Preparation and characterization of glyceryl dibehenate and glyceryl monostearate -based lyotropic liquid crystal nanoparticles as carriers for hydrophobic drugs


Atlıbatur R., Bahadori F., Kizilcay G. E., İDE S., Gürsel Y.

Journal of Drug Delivery Science and Technology, cilt.87, 2023 (SCI-Expanded) identifier

  • Yayın Türü: Makale / Tam Makale
  • Cilt numarası: 87
  • Basım Tarihi: 2023
  • Doi Numarası: 10.1016/j.jddst.2023.104821
  • Dergi Adı: Journal of Drug Delivery Science and Technology
  • Derginin Tarandığı İndeksler: Science Citation Index Expanded (SCI-EXPANDED), Scopus, Biotechnology Research Abstracts
  • Anahtar Kelimeler: Glyceryl dibehenate, Glyceryl monostearate, Lipid-based nano drug delivery, Lyotropic liquid crystals, Nonlamellar structures, Pluronic F-127
  • Hacettepe Üniversitesi Adresli: Evet

Özet

Lyotropic liquid crystal nanoparticles (LLCNs), including lipid-based structures, are one of the crucial candidate molecules for drug delivery applications due to several advantages in terms of low toxicity, high loading capacity, and superior pharmacokinetic properties.
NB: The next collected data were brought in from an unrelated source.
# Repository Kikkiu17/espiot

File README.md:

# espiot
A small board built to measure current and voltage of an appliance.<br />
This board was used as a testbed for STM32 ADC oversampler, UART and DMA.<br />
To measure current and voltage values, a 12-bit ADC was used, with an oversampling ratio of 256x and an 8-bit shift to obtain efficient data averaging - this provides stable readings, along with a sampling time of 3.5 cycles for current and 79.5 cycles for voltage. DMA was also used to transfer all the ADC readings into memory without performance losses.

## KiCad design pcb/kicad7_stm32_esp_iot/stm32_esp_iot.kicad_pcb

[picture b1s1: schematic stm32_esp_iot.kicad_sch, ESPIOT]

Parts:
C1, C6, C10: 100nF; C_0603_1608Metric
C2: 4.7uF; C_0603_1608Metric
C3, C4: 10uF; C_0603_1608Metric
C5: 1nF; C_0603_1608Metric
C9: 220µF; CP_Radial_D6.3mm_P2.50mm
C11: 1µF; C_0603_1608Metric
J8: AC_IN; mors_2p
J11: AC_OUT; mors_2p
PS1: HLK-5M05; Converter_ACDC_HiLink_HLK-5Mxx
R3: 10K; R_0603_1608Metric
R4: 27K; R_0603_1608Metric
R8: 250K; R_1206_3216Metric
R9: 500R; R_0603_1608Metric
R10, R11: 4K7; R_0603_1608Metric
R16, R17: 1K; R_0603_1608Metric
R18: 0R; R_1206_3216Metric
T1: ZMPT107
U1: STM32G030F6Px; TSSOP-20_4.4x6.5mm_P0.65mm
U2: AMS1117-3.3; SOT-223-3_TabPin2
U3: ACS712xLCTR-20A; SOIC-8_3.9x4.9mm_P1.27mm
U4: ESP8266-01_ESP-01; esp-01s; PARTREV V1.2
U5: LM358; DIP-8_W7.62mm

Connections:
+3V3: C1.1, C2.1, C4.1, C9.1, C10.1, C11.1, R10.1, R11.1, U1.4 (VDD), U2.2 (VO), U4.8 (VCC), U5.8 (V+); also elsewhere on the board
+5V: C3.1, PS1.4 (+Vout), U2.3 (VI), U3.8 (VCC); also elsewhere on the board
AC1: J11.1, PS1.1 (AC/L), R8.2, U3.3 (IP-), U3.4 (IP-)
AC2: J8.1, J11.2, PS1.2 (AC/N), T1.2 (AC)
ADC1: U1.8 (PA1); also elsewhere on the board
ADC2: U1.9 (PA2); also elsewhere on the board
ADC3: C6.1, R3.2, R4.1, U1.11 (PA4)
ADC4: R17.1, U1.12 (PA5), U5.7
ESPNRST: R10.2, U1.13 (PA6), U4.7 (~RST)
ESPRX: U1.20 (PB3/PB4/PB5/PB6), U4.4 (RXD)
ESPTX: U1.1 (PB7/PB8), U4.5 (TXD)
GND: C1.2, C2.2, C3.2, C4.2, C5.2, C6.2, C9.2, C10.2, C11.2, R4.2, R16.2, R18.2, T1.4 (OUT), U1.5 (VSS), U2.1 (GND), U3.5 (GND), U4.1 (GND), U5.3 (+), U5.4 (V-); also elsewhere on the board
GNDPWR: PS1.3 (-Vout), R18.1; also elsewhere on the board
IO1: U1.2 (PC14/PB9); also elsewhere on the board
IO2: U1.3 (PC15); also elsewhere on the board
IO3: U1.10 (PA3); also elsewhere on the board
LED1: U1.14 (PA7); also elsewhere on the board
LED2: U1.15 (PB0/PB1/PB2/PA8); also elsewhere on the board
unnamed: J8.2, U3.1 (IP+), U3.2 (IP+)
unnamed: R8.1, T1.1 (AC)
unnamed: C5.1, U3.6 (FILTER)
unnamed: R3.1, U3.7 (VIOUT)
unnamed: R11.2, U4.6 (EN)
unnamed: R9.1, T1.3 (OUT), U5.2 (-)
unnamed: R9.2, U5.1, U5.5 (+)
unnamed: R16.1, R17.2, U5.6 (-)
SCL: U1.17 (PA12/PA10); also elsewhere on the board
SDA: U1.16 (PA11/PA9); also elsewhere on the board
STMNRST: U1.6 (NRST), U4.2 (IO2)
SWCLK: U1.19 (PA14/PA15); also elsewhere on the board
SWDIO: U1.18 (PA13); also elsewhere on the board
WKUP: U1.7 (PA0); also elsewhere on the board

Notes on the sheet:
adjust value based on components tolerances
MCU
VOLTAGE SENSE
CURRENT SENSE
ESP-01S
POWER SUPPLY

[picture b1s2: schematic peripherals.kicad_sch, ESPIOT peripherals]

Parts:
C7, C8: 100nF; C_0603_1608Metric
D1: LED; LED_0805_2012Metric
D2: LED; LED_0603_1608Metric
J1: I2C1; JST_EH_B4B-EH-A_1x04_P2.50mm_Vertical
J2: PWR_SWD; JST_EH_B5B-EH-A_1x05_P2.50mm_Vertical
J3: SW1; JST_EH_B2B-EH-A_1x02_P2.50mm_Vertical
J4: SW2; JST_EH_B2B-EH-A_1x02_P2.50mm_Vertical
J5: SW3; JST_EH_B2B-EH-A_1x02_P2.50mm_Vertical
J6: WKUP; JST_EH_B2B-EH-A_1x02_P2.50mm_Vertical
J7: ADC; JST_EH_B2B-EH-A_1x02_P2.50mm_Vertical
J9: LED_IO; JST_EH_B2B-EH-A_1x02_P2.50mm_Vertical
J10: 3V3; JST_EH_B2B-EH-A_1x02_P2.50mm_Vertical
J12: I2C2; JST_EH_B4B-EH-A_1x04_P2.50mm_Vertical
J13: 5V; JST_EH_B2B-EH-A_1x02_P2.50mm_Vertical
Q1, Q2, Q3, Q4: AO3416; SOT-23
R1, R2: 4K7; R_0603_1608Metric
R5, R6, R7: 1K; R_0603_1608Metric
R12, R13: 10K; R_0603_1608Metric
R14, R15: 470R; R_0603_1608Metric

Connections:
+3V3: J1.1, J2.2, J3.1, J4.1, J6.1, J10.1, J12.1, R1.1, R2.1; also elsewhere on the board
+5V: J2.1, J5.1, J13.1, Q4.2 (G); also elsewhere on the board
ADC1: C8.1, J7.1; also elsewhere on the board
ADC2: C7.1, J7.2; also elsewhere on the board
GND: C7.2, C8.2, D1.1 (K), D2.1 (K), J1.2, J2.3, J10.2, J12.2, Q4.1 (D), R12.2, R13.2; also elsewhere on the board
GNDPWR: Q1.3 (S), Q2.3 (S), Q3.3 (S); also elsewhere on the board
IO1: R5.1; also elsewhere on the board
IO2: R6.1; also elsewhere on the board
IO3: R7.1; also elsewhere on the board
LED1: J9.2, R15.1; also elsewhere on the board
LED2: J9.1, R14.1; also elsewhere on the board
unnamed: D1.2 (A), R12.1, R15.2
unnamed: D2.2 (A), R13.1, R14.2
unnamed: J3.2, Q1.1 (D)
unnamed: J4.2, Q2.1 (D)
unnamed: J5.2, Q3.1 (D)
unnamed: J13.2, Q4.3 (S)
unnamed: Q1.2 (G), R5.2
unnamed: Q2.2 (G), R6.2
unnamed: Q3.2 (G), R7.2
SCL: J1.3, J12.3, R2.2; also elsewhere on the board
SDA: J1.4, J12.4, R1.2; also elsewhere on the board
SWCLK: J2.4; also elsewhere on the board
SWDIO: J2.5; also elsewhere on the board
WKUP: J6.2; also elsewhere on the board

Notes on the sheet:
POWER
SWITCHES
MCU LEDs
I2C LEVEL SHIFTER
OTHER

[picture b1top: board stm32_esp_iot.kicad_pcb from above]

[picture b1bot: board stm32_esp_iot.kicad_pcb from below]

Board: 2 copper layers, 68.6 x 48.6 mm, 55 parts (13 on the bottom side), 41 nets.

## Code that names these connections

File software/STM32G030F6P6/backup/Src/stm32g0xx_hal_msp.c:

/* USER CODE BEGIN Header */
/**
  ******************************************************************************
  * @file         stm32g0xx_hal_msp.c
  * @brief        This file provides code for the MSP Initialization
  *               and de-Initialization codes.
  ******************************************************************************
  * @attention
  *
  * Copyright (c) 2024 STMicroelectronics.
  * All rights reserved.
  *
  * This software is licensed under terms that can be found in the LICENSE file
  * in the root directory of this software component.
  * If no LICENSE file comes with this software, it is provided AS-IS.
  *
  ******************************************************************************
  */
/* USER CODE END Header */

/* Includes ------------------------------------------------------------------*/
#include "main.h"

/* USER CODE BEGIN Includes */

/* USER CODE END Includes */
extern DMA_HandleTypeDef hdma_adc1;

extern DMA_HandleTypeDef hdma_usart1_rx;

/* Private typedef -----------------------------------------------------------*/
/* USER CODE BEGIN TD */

Generally, in literature, monoglycerides such as glyceryl monostearate are preferred lipids to produce LLCNs. However, lyotropic mesophases have previously been obtained by the incorporation of diglycerides with monoglycerides. In this study, glyceryl monostearate and glyceryl dibehenate mixtures are used as lipid compartments to produce LLCNs while Pluronic F-127 (F-127) was used as the surfactant with two methods for the first time in literature. Oil in water (o/w) and film preparation-rehydration methods were used to produce LLCNs with different lipid-to-surfactant (L:S) ratios. It was shown that L3:S7 and L7:S3 ratios provide obtaining LLCNs using the film preparation-rehydration method. Curcumin, which was used as a model hydrophobic drug was incorporated in L3:S7:C1 and L7:S3:C1 ratios. The formation of lyotropic mesophases was tracked using a Polarizing Optical Microscope (POM) and Small-Angle X-ray Scattering (SAXS). The size of the formed nanoparticles (NP) was measured using Dynamic Light Scattering (DLS) and the particles with sizes less than 300 nm namely L7:S3 and L7:S3:C1 were chosen as the optimized particles for drug delivery. The incorporation of the LLCN components was studied using FT-IR and Differential Scanning Chalorimetry (DSC) methods. It was successfully demonstrated that both curcumin and F-127 are completely covered by the lipid components of the formed LLCNs, which altogether resulted in obtaining NPs with Maltese crosses and hexagonal structures.